*** Excerpted data ***

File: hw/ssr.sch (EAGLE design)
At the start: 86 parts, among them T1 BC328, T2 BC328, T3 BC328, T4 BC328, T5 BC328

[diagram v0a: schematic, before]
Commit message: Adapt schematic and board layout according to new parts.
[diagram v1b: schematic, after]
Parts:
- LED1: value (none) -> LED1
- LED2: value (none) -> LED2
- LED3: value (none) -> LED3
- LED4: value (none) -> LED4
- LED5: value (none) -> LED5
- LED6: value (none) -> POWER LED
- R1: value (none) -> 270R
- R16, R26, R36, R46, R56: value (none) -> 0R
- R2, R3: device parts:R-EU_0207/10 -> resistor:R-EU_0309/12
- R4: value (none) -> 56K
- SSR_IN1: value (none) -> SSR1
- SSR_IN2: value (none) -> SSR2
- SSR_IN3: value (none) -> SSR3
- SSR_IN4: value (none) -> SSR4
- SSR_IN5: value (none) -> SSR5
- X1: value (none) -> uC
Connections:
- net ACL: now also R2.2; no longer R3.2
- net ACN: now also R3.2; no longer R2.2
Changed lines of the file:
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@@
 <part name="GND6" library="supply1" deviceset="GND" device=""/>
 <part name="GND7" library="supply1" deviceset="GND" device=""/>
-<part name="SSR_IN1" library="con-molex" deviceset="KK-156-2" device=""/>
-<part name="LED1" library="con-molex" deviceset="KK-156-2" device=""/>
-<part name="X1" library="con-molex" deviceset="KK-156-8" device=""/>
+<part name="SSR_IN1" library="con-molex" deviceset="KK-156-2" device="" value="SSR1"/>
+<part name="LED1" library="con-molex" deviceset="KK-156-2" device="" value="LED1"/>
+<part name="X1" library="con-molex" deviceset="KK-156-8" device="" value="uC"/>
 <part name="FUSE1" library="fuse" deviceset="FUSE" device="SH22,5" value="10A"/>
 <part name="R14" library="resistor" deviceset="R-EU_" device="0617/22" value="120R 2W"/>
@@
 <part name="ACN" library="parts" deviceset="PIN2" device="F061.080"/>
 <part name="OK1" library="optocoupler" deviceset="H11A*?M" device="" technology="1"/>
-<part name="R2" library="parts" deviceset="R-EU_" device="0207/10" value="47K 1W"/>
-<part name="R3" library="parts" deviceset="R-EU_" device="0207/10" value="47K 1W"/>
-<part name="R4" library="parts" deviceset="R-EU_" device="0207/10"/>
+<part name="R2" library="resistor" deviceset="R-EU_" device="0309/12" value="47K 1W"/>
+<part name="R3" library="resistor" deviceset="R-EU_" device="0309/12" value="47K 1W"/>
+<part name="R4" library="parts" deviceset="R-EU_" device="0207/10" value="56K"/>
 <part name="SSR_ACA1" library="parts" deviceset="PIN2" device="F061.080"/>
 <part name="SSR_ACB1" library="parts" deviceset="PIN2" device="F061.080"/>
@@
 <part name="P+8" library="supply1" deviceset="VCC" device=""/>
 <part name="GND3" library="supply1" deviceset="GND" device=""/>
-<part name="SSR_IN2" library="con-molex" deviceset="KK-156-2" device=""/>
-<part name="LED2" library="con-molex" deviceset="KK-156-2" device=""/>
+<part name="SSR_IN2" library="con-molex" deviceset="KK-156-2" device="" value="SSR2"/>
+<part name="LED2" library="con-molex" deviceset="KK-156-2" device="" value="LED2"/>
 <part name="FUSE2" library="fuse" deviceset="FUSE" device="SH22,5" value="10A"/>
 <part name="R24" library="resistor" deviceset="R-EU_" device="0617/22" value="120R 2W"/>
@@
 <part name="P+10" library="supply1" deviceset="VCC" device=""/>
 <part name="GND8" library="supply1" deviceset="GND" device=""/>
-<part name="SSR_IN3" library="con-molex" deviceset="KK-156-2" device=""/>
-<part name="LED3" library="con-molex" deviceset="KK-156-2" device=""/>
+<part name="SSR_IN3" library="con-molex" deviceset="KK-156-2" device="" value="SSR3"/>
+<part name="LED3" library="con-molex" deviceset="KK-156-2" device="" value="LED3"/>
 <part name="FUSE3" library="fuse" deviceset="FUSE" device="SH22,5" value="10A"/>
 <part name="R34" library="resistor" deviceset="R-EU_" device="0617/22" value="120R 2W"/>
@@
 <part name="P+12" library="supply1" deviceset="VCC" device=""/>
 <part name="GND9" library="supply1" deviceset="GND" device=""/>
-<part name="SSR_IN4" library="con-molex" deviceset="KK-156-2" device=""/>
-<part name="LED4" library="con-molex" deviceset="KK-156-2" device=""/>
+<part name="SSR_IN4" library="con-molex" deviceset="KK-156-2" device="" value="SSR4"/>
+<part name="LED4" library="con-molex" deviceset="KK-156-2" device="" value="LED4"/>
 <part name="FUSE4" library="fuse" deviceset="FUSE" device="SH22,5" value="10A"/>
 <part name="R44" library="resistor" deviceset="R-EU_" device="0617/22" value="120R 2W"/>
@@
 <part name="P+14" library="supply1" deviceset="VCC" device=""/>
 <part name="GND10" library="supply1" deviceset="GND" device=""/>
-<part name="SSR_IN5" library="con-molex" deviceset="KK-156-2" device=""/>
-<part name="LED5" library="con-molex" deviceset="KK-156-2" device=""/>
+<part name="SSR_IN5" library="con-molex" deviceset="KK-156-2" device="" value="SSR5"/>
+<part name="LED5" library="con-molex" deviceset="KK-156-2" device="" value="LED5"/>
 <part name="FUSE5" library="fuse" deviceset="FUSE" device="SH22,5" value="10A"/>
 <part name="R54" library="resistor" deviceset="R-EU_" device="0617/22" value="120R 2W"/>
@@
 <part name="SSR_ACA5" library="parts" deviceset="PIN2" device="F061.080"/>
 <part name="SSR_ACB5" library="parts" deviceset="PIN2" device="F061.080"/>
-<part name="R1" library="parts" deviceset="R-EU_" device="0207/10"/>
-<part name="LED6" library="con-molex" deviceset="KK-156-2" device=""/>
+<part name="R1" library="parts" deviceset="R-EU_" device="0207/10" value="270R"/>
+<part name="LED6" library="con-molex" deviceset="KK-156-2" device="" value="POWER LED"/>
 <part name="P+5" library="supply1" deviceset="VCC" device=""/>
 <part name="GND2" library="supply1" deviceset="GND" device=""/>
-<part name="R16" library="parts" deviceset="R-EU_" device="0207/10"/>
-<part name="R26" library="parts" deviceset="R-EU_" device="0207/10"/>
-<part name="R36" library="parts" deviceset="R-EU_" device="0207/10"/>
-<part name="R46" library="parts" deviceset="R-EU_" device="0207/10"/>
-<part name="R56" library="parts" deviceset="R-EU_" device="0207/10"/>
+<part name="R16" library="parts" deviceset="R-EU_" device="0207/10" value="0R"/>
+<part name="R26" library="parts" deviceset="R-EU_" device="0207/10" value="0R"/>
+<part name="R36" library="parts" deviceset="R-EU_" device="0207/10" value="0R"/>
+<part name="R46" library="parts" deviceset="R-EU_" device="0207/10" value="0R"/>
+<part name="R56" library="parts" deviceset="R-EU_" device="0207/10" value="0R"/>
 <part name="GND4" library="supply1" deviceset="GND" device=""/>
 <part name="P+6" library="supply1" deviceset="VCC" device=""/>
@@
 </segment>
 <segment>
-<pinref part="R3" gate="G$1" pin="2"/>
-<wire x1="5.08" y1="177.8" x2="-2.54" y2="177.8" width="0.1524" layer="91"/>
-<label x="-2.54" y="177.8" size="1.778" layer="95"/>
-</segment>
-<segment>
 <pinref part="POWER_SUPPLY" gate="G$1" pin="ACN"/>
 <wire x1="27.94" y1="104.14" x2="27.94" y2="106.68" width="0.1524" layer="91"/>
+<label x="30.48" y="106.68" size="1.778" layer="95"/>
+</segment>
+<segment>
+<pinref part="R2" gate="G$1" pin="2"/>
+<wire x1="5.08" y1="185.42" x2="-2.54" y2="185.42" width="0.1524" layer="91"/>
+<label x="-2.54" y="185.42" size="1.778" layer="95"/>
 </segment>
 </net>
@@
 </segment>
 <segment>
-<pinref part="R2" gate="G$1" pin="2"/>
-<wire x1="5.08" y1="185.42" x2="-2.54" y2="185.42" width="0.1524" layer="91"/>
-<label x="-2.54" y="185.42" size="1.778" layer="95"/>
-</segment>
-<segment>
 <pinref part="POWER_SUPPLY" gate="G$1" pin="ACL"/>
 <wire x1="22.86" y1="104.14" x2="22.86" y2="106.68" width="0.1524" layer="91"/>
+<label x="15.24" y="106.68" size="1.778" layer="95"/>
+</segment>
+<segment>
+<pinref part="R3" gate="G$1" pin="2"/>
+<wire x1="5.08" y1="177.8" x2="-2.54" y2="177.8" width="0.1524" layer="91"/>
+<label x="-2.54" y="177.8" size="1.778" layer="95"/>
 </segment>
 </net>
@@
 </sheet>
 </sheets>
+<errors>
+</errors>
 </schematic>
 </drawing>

*** End of Excerpted data ***

What you will do | Would you show each line of the listing above that has the string "size"?

Exercise answer |
-<label x="-2.54" y="177.8" size="1.778" layer="95"/>
+<label x="30.48" y="106.68" size="1.778" layer="95"/>
+<label x="-2.54" y="185.42" size="1.778" layer="95"/>
-<label x="-2.54" y="185.42" size="1.778" layer="95"/>
+<label x="15.24" y="106.68" size="1.778" layer="95"/>
+<label x="-2.54" y="177.8" size="1.778" layer="95"/>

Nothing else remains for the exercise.